Fino a questo punto, il film di Ortega riesce a far ridere e a divertire grazie all'ambientazione surreale e all'eccentrico protagonista, impostando i conflitti e le relazioni principali in modo più o meno chiaro. Quello che viene dopo, però, è un altro film, e non è un film riuscito. Anche se fin dall'inizio ci rendiamo conto che Manfredini è un personaggio particolarmente problematico, in quanto ha a che fare con una serie di problemi fisici e psicologici irrisolti, lo vedremo intraprendere un inaspettato percorso di "riscoperta" interiore, non supportato da un sufficiente sviluppo del personaggio. Il comportamento di Manfredini diventa sempre più "borderline" e lo vediamo coinvolto in molti dialoghi e scene sopra le righe. Il fantino è destinato a "morire" e a rinascere - alla ricerca di una nuova identità, che si spera sia quella con cui si sente più a suo agio. Ciò che non è chiaro in alcuni momenti è "perché" certe cose accadano sullo schermo e come parte della storia del film. Si ha l'impressione che le cose vengano messe in scena, piuttosto che accadere in modo organico. In altre parole, quando tutto sembra un coup de théâtre, non è un buon segno e di solito è il risultato di una scrittura povera e confusa. Nonostante il lodevole intento di toccare i temi dell'identità da una prospettiva romanzesca, Ortega confeziona un racconto fragile e nebuloso in cui il bizzarro e il surreale non lo aiutano a scavare in profondità nei suoi personaggi o a esplorare il loro mondo interiore. Al contrario, mantengono tutto in superficie, facendoci mettere in discussione la loro stessa presenza. Infine, la mancanza di chiarezza generale si mantiene fino alla chiusura dell'arco narrativo, che è messa in scena in modo troppo ambiguo per essere soddisfacente.

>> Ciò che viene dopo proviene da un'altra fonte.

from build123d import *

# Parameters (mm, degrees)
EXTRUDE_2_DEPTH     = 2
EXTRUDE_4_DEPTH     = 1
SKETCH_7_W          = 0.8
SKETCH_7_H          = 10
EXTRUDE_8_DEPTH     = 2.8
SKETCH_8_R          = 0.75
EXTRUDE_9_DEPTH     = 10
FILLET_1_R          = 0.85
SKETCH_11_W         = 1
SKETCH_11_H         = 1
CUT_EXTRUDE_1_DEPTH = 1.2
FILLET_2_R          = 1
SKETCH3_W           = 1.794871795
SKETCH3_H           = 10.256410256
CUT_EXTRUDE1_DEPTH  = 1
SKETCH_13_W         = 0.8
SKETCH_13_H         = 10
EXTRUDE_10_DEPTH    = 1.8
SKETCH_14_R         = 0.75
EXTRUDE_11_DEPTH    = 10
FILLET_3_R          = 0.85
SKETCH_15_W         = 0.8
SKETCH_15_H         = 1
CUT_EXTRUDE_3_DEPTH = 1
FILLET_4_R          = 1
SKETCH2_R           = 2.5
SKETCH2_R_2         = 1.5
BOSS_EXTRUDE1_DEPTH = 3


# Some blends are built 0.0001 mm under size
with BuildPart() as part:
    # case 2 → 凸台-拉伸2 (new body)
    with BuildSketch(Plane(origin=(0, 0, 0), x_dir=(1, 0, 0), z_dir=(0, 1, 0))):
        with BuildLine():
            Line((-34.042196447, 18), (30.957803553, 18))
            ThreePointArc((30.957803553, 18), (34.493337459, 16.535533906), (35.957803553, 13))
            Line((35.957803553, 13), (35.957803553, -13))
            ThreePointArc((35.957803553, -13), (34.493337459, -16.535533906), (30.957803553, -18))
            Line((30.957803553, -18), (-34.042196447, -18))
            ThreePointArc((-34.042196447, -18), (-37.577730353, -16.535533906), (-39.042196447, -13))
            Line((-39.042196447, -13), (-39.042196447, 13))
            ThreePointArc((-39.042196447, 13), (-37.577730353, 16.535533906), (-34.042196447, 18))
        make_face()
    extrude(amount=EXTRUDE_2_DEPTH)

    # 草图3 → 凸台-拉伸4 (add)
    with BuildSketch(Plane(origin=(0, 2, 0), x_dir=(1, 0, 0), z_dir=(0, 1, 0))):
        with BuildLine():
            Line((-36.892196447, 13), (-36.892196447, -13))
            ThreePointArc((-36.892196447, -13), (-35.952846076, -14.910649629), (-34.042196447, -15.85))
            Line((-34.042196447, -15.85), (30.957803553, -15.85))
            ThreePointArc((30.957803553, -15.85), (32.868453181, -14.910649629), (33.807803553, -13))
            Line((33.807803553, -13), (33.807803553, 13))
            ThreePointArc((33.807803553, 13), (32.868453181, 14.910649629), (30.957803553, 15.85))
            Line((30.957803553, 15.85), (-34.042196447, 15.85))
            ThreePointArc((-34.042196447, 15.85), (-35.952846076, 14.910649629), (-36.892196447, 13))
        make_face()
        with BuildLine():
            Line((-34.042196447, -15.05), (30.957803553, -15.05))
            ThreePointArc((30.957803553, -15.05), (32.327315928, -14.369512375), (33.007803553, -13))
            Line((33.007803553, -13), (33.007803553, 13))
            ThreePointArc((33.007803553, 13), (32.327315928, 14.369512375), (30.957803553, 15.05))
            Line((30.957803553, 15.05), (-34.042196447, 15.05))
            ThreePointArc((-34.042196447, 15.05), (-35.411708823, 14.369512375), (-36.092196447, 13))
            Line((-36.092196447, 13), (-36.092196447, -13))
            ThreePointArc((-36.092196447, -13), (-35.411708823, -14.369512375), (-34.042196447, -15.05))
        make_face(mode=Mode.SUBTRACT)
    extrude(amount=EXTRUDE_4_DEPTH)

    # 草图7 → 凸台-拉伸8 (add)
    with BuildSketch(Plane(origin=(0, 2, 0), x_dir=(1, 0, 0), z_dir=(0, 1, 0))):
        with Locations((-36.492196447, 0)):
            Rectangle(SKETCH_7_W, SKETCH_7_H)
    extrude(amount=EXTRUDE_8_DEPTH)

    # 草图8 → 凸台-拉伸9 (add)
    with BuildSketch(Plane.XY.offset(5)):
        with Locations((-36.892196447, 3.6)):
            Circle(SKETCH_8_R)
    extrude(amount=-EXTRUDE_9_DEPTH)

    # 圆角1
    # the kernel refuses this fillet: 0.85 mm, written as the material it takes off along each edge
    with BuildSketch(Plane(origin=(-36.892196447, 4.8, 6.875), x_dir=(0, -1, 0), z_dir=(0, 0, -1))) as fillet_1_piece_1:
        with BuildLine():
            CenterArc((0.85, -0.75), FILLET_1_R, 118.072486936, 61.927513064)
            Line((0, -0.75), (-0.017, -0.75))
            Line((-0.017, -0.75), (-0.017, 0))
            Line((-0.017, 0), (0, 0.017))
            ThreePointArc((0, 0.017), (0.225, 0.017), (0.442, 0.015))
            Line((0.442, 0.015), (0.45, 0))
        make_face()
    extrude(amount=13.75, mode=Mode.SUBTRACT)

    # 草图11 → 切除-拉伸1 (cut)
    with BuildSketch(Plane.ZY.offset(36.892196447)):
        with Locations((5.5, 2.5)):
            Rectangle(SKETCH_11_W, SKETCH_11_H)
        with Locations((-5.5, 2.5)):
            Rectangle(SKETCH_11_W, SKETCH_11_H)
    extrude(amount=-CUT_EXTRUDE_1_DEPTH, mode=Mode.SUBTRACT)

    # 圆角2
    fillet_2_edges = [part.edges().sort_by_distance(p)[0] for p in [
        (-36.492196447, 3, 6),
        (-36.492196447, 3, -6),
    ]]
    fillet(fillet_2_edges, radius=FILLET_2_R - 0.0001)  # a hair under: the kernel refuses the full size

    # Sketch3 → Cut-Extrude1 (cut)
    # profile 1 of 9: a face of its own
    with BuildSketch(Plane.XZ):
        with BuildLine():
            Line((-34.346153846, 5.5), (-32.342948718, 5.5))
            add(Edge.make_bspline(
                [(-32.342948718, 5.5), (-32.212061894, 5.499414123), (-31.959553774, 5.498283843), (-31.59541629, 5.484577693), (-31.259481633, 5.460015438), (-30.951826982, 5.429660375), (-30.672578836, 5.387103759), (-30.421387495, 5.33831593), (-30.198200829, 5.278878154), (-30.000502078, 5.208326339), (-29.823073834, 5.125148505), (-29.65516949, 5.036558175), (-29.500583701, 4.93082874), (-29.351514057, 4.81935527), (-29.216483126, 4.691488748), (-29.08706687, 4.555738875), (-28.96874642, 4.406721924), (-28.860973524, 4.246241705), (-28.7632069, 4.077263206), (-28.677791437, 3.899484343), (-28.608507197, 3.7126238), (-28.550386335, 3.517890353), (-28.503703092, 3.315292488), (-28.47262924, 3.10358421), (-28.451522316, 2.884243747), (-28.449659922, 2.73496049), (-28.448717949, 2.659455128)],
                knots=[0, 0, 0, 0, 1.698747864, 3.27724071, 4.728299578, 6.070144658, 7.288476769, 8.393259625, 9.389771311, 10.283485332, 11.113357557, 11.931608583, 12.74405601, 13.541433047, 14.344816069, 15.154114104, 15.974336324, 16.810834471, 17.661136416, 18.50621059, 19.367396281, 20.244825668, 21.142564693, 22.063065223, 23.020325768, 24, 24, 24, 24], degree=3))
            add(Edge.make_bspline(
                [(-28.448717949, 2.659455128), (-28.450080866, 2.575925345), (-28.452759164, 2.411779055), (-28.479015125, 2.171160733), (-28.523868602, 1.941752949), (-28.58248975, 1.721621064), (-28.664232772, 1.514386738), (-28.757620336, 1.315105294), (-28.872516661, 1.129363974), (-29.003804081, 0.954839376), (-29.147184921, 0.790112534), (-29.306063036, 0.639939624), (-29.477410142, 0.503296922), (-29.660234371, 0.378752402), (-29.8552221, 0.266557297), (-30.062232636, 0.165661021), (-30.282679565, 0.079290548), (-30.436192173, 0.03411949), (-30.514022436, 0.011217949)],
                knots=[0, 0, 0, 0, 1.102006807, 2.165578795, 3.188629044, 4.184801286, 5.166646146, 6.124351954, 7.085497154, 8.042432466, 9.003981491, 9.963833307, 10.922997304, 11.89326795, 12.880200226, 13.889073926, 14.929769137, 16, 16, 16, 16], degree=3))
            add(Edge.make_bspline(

Una nota positiva è che la fotografia di Timo Salminen riesce ad avvolgere la maggior parte degli ambienti decadenti in cui è ambientata la storia (il bar di Sirena, una prigione, gli interni dell'ippodromo e così via) con un'illuminazione che li fa sembrare tutti sporchi e deprimenti, proprio come dovrebbero essere. Inoltre la colonna sonora di Sune Rose Wagner, composta da brani originali e da vecchi brani locali, è energica e ben si adatta all'atmosfera eccentrica del film.
Kill the Jockey è prodotto dall'argentina Rei Pictures e coprodotto dalla messicana Piano, dallo studio messicano-spagnolo El Estudio, dalla danese Snowglobe, dall'argentina Jacinto Films e dalla messicana Barraca, in associazione con la statunitense VIX, l'argentina Pampa Films e la spagnola Gloriamundi, insieme allo studio messicano-statunitense Dim Films e alla Fundación Ernesto Sábato. Protagonist Pictures è responsabile delle vendite internazionali del film.